• _Exercise details_: Write out the stretch of lines below that begins at the line with "NL_PLANT2/2(x2_dot) -> Mux1/2" and ends at the line with "[x1] -> CTRL LAW 1/1(x1)", including both, exactly as given and nothing more.

Content starts

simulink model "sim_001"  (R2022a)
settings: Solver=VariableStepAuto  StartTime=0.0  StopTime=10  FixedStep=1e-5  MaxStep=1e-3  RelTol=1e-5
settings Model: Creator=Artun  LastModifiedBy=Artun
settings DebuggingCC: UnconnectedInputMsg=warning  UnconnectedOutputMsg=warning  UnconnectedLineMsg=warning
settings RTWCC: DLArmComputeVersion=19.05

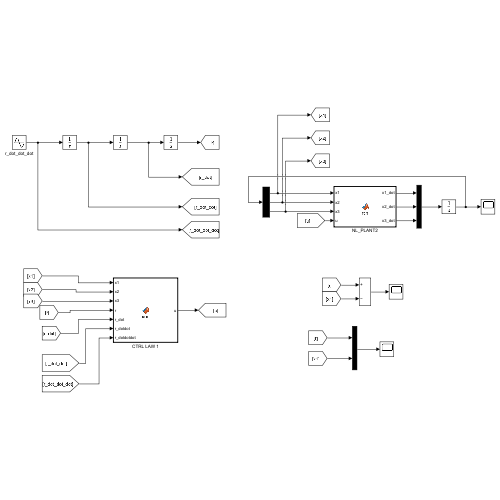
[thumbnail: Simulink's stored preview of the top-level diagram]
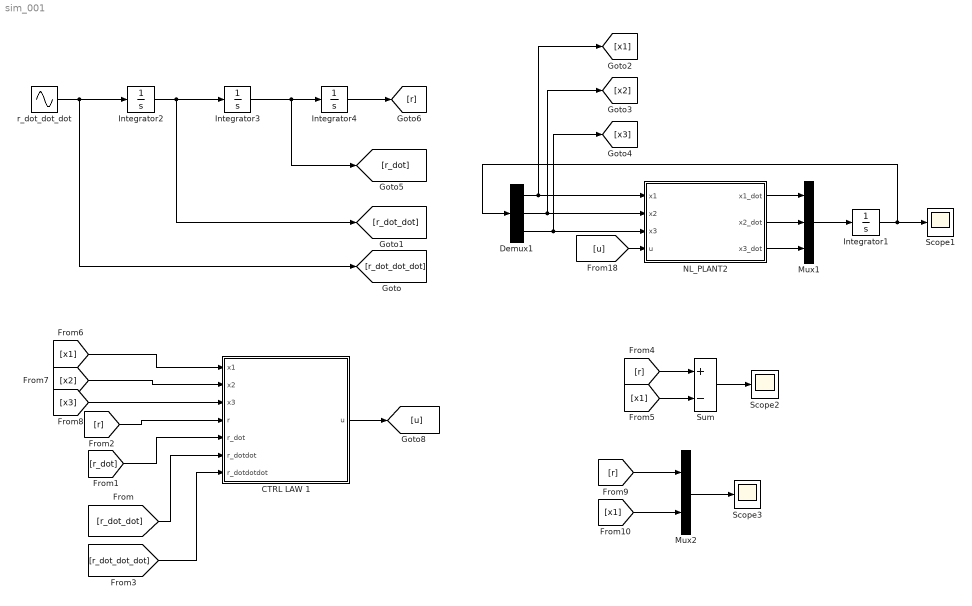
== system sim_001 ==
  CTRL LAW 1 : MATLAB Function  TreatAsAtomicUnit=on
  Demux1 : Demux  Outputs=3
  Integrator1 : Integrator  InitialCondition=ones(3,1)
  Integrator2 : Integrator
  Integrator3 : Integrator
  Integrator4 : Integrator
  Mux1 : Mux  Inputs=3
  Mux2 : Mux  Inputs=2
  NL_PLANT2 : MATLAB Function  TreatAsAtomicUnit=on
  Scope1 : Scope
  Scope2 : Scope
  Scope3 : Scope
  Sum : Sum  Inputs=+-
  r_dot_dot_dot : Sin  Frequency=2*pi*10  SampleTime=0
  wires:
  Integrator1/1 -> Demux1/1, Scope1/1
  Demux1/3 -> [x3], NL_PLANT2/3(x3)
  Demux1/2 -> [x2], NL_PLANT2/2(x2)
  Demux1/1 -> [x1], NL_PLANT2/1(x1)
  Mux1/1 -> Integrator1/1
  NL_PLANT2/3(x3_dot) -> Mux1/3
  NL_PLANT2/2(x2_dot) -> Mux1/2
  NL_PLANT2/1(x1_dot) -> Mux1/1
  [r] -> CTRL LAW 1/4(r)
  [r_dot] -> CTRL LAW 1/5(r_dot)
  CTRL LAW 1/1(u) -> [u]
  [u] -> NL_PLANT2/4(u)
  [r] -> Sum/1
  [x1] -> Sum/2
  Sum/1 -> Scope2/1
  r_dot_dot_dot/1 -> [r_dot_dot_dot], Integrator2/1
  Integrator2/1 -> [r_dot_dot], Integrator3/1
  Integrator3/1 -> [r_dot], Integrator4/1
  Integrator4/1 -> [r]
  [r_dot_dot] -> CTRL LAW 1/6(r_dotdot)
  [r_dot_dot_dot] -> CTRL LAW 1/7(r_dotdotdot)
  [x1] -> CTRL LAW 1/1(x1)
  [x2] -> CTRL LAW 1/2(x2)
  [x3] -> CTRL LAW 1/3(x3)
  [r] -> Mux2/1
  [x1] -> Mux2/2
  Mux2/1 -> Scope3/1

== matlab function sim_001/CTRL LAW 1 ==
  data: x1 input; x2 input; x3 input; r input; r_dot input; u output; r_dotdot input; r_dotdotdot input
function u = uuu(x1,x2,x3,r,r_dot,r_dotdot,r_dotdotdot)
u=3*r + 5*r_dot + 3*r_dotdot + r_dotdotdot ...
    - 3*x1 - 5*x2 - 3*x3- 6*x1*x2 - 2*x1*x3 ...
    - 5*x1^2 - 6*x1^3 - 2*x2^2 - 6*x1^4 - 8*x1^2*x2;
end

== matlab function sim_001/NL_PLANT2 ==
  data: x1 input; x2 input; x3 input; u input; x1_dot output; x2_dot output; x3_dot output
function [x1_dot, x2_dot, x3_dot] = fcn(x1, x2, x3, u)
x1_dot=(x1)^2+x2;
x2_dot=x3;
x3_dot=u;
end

Content ends

• _Response to this task_:
  NL_PLANT2/2(x2_dot) -> Mux1/2
  NL_PLANT2/1(x1_dot) -> Mux1/1
  [r] -> CTRL LAW 1/4(r)
  [r_dot] -> CTRL LAW 1/5(r_dot)
  CTRL LAW 1/1(u) -> [u]
  [u] -> NL_PLANT2/4(u)
  [r] -> Sum/1
  [x1] -> Sum/2
  Sum/1 -> Scope2/1
  r_dot_dot_dot/1 -> [r_dot_dot_dot], Integrator2/1
  Integrator2/1 -> [r_dot_dot], Integrator3/1
  Integrator3/1 -> [r_dot], Integrator4/1
  Integrator4/1 -> [r]
  [r_dot_dot] -> CTRL LAW 1/6(r_dotdot)
  [r_dot_dot_dot] -> CTRL LAW 1/7(r_dotdotdot)
  [x1] -> CTRL LAW 1/1(x1)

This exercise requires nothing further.